> [DATA FOR PROCESSING]
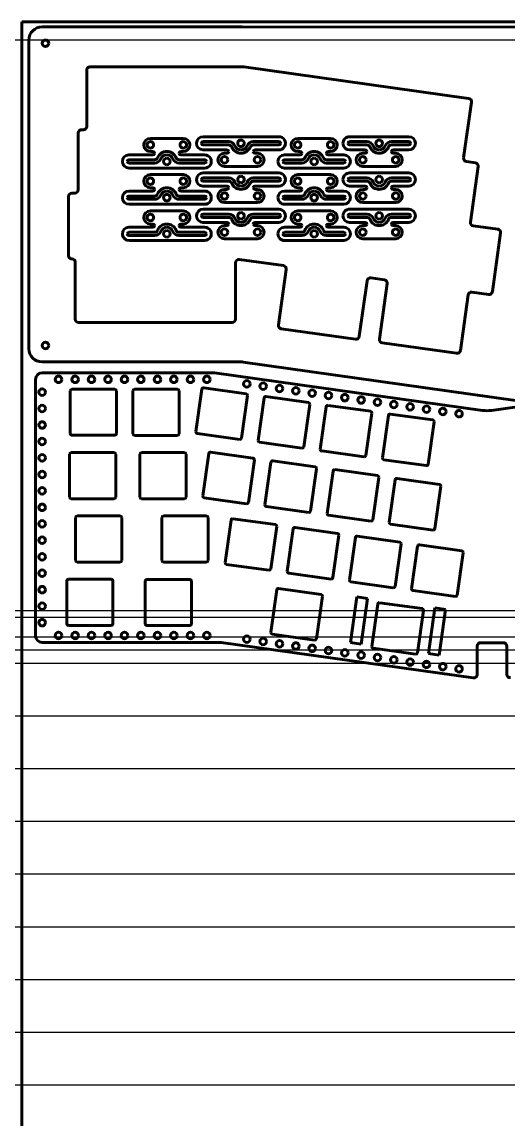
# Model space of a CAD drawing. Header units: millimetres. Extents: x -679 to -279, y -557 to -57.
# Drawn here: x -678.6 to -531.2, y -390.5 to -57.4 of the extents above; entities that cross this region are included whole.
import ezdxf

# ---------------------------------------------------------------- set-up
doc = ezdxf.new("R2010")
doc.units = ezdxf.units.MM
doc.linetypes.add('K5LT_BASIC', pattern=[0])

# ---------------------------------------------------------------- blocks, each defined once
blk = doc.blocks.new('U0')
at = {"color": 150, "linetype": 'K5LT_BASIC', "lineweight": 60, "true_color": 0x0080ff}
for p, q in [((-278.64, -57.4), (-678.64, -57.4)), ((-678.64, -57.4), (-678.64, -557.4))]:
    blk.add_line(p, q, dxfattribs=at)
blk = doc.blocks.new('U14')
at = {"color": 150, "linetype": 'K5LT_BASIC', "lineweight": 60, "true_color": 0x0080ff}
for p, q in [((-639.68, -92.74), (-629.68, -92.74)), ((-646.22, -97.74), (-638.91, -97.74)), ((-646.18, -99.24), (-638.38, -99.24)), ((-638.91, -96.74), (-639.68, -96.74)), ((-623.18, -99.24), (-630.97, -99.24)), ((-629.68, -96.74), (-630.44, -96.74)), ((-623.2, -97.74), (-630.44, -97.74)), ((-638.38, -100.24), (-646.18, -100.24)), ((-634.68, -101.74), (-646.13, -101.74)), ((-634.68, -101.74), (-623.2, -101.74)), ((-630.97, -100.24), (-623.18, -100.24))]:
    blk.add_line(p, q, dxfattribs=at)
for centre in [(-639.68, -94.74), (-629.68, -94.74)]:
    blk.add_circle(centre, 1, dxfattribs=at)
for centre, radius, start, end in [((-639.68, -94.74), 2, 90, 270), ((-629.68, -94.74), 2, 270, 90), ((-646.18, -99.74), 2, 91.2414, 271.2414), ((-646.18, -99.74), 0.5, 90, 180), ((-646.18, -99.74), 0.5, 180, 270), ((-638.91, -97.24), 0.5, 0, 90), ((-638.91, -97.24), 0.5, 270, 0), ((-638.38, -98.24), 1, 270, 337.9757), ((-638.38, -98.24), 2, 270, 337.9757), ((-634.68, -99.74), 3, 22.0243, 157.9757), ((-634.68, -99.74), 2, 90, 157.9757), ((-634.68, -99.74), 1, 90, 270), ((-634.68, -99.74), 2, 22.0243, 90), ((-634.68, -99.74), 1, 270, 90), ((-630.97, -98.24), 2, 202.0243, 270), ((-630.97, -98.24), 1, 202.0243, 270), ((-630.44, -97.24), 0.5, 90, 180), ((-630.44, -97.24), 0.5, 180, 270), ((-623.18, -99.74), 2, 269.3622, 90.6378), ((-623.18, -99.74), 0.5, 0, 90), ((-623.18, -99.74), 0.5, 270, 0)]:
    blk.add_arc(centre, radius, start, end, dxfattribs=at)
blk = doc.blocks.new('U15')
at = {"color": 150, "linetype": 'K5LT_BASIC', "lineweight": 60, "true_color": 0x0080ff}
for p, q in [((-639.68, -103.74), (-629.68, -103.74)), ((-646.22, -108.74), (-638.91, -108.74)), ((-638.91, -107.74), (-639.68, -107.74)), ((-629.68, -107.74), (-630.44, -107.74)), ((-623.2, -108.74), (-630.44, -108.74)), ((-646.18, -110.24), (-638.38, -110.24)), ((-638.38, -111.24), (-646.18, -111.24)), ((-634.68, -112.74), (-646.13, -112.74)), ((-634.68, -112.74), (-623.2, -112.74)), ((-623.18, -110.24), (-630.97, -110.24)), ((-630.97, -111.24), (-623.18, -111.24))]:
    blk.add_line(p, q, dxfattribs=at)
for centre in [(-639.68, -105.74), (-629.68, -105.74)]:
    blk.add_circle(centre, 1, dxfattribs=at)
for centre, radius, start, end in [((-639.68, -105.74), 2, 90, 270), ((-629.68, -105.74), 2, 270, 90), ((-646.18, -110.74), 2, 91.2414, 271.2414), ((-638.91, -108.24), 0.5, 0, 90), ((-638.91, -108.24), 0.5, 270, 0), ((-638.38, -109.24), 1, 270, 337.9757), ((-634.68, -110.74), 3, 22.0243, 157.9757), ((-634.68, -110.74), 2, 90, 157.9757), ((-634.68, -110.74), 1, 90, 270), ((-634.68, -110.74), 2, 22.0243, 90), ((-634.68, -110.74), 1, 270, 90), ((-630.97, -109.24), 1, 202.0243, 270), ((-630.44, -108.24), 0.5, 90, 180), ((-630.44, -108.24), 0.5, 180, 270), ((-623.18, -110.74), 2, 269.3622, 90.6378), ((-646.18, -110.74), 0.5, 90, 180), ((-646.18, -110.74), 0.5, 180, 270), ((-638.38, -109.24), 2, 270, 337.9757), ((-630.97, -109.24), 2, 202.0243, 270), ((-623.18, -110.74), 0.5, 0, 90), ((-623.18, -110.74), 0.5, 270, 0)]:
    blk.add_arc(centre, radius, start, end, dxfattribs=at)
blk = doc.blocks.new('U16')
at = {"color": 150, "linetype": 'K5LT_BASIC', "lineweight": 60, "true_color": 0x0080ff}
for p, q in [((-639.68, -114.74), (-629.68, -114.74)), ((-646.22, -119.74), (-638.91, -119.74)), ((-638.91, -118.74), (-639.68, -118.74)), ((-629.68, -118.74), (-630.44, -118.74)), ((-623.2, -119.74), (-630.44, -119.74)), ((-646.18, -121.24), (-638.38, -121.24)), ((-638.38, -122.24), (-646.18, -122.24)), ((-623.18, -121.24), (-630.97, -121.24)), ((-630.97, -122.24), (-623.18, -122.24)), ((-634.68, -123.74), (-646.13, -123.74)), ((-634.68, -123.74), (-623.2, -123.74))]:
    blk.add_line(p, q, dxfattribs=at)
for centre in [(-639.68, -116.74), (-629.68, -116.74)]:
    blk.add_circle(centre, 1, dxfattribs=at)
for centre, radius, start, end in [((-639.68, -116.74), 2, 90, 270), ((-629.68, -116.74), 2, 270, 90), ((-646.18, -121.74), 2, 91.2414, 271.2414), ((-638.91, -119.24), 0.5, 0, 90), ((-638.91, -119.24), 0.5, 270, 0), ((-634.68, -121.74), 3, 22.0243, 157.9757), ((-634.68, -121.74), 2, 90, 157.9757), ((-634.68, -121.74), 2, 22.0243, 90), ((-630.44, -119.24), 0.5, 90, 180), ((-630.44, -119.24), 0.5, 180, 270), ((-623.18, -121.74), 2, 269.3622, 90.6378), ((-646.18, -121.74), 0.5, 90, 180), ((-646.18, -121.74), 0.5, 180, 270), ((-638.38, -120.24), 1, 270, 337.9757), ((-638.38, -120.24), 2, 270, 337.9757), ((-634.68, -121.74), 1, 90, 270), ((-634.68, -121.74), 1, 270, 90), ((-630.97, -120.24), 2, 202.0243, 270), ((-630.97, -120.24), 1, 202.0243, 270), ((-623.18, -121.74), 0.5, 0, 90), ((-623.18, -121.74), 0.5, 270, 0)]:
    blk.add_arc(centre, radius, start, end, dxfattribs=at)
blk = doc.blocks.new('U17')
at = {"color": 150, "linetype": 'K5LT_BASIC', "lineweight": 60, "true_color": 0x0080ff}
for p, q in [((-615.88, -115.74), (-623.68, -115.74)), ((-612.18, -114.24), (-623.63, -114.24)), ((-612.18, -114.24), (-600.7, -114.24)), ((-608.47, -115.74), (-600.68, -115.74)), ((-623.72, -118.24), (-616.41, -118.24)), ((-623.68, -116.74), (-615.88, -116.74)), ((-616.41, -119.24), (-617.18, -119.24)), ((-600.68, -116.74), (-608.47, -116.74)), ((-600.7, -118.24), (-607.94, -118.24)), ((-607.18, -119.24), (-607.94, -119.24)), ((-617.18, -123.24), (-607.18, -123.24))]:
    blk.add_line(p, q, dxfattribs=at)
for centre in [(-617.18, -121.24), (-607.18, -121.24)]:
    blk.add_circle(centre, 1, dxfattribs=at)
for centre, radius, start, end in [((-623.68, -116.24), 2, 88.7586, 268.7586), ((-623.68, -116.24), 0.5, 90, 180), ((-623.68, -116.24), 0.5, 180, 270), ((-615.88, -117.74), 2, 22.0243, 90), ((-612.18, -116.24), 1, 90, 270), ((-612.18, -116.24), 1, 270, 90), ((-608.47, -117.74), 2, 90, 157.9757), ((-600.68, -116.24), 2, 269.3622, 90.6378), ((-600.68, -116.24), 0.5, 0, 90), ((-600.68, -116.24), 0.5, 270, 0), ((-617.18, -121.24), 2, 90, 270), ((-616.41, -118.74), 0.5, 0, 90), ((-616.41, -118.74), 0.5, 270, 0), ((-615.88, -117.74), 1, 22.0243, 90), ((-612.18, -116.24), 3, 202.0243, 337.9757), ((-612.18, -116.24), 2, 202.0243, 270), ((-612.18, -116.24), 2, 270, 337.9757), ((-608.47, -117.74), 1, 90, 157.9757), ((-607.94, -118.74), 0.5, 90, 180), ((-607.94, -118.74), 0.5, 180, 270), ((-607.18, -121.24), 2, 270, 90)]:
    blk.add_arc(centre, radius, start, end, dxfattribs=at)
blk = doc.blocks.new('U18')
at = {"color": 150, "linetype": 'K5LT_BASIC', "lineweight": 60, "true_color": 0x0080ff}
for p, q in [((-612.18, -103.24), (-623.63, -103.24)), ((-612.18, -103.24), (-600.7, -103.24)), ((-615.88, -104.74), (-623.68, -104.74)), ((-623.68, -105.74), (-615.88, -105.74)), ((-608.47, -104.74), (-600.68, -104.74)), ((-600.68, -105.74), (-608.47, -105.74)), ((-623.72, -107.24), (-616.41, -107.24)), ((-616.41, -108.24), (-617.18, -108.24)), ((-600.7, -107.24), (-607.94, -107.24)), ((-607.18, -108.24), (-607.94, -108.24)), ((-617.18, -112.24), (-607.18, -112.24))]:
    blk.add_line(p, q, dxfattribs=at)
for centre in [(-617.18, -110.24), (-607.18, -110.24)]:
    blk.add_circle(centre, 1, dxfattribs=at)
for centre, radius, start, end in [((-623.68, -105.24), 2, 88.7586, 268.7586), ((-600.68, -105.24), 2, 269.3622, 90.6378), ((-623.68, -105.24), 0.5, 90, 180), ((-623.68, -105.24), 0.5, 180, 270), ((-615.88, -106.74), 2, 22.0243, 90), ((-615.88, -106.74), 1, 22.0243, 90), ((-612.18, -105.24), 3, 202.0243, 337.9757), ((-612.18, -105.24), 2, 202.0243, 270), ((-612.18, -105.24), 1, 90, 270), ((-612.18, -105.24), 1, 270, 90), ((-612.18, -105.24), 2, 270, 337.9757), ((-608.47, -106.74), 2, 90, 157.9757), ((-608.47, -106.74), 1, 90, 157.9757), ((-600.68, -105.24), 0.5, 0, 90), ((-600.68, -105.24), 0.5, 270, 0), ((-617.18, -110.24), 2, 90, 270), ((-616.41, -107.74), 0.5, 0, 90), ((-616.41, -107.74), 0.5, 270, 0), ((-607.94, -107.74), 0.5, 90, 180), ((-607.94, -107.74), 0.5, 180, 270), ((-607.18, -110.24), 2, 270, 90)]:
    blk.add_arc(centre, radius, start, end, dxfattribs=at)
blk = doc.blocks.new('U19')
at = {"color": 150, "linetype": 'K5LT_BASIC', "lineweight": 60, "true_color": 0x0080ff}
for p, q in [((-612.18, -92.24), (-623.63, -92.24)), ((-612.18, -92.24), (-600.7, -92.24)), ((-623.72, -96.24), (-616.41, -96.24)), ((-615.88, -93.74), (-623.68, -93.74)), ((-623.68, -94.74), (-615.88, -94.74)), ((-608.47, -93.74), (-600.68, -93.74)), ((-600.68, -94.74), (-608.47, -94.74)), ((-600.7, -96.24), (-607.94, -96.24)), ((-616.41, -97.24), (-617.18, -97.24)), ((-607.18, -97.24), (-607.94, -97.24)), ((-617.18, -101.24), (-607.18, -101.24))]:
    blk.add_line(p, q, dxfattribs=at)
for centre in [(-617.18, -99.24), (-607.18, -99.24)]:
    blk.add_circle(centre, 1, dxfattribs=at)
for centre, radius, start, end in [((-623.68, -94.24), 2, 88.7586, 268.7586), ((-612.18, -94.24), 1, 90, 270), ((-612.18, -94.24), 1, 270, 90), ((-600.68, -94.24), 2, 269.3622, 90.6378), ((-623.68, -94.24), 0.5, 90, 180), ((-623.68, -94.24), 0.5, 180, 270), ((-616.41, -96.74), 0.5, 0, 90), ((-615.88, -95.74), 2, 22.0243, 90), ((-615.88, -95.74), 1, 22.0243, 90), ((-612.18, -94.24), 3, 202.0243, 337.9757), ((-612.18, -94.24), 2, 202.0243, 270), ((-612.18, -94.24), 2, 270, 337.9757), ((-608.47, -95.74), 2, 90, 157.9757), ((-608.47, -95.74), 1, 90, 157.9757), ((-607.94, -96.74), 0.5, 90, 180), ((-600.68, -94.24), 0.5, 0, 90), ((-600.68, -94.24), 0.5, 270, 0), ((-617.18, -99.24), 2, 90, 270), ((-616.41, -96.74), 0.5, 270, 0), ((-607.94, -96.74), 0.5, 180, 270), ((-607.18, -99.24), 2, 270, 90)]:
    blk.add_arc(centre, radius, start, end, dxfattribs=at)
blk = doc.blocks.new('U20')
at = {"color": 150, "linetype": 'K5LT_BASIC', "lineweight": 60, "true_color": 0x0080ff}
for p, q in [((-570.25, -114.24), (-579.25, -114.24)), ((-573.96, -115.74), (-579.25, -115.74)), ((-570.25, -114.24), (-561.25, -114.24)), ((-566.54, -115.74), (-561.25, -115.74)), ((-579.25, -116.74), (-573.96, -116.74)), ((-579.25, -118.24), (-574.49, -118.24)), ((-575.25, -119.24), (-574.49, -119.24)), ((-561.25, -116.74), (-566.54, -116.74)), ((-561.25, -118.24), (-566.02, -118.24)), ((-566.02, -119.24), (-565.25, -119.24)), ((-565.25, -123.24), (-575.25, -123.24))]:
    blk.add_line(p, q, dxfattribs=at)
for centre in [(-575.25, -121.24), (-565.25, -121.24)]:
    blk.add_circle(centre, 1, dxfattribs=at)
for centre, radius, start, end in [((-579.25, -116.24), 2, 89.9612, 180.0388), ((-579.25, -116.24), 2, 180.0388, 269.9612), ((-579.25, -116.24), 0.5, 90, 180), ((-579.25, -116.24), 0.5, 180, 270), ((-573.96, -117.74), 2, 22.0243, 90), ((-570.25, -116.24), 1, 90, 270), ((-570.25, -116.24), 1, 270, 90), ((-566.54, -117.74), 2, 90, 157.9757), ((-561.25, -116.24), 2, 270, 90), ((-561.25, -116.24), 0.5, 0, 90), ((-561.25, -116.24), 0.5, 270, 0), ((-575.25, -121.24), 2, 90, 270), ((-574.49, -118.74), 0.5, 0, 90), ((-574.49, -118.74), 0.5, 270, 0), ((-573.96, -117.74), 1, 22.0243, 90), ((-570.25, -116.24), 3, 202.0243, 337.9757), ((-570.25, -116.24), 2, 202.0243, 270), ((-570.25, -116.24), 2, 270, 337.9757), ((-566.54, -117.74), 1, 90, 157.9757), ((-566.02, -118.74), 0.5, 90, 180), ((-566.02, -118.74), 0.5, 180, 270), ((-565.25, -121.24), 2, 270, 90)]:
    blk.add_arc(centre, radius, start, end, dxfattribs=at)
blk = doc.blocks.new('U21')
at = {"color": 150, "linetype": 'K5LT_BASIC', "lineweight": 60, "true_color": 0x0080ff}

> [ABOUT THIS EXERCISE]
Whenever the word "ezdxf" occurs in a line above, copy that line.

> [WORKED SOLUTION]
import ezdxf
doc = ezdxf.new("R2010")
doc.units = ezdxf.units.MM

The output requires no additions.